We design and build autonomous security robots, and one of the questions we hear most often is “What does autonomous mean?” Autonomy is a tricky word. One can trace its roots back to ancient Greece, where, at the simplest, it meant the ability to say “no.” From that came the idea of self-rule or self-governance: the right to decide, for one’s self, what to do. It is a simple idea, and one that we take for granted as people. We have autonomy – the right to decide for ourselves what we will do next, and how we will do it. But how does that apply to a robot? In robots we think of autonomy as the ability to choose actions or behaviors in order to achieve some goal of the robot.

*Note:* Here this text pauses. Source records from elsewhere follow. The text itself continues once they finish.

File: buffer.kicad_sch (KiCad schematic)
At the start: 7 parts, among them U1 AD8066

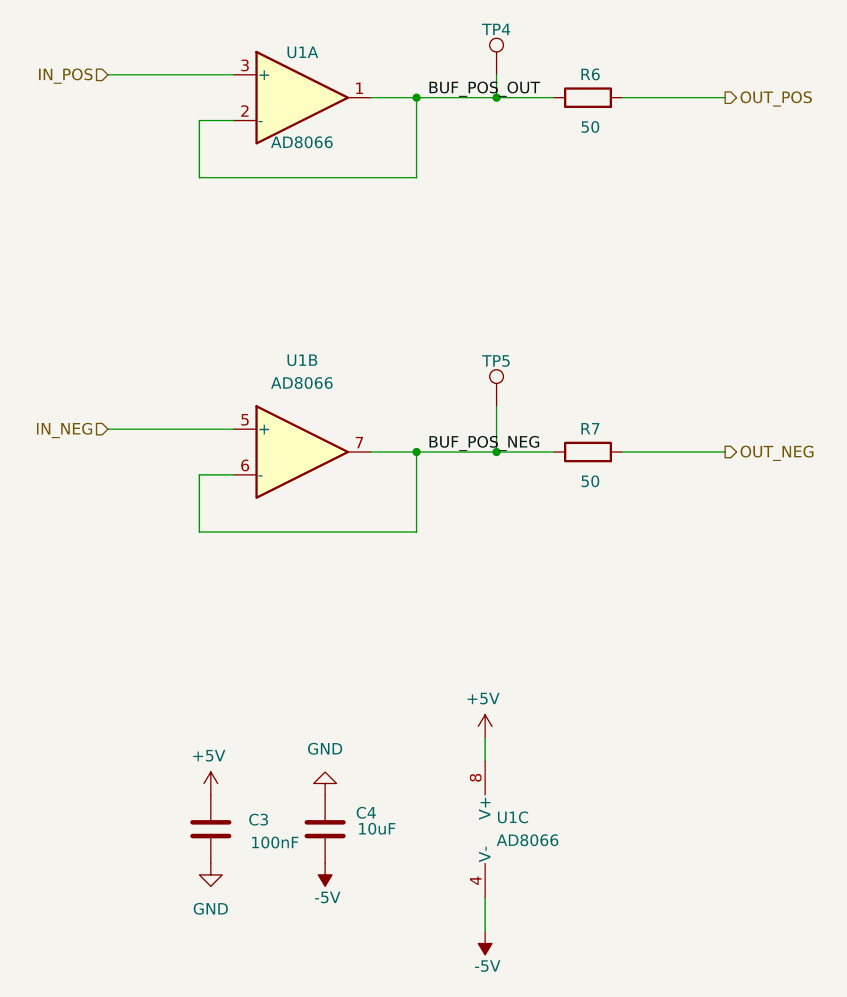
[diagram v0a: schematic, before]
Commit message: DRC completed. Need to add some 3D models.
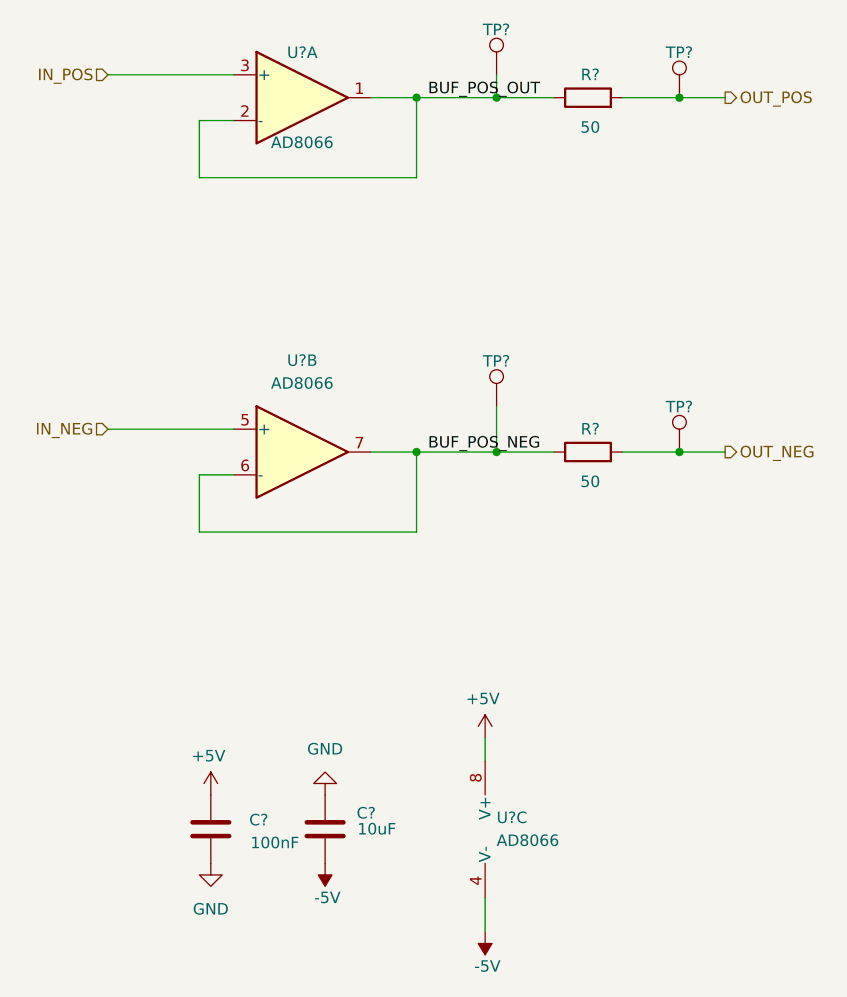
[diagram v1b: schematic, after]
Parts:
- added TP? (x2): TP, TestPoint:TestPoint_Pad_D2.0mm, symbol Connector:TestPoint
- added U? (x2): AD8066, Package_SO:SOIC-8_3.9x4.9mm_P1.27mm, symbol Amplifier_Operational:LM2904
- renumbered C4 to C?, C3 to C?, R7 to R?, R6 to R?, TP4 to TP?, TP5 to TP?, U1 to U?
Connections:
- net +5V: now also U?.8 (V+); no longer U?.8 (V+)
- net -5V: now also U?.4 (V-); no longer U?.4 (V-)
- net BUF_POS_NEG: now also U?.6 (-), U?.7; no longer U?.6 (-), U?.7
- net IN_NEG: now also U?.5 (+); no longer U?.5 (+)
- net OUT_NEG: now also TP?.1
- net OUT_POS: now also TP?.1

A couple of images come to mind when we think of robots: the bomb disposal robot on a newscast, the industrial welding robot we see in commercials assembling cars, perhaps a vacuum cleaning robot scurrying around the floor, and, of course, the movie robots like R2D2, or Wall-e. Each of these can be used to explore the idea of an autonomous robot. Around the lab, we break down these robots into four categories:

  1. tele-operation,
  2. programmatic,
  3. reactive, and
  4. autonomous.

Let’s look at these to see what makes them tick.

Tele-operation

Tele-operation sounds a lot more impressive than it is.  From the same roots as telescope: ‘far sight’, and telephone: ‘far sound’, we have ‘far control’.  Basically a tele-operated robot, like a bomb disposal robot, is like a big radio controlled car. The operator is at a distance from the robot, and can control every motion. For dangerous tasks (like bomb disposal) this keeps the people safe. This is a key task for robotics; to enable the robot to take risks rather than people.  Woods Hole submersible exploring the wreck of the TitanicWe use tele-operation on many high profile robotics systems – the rovers on Mars rely on instructions from Earth, the drones flying over war zones receive control commands from thousands of miles away, and the deep-sea submersibles exploring the oceans under water pressures that would kill a person are driven by operators in shirt sleeves thousands of feet above on the surface.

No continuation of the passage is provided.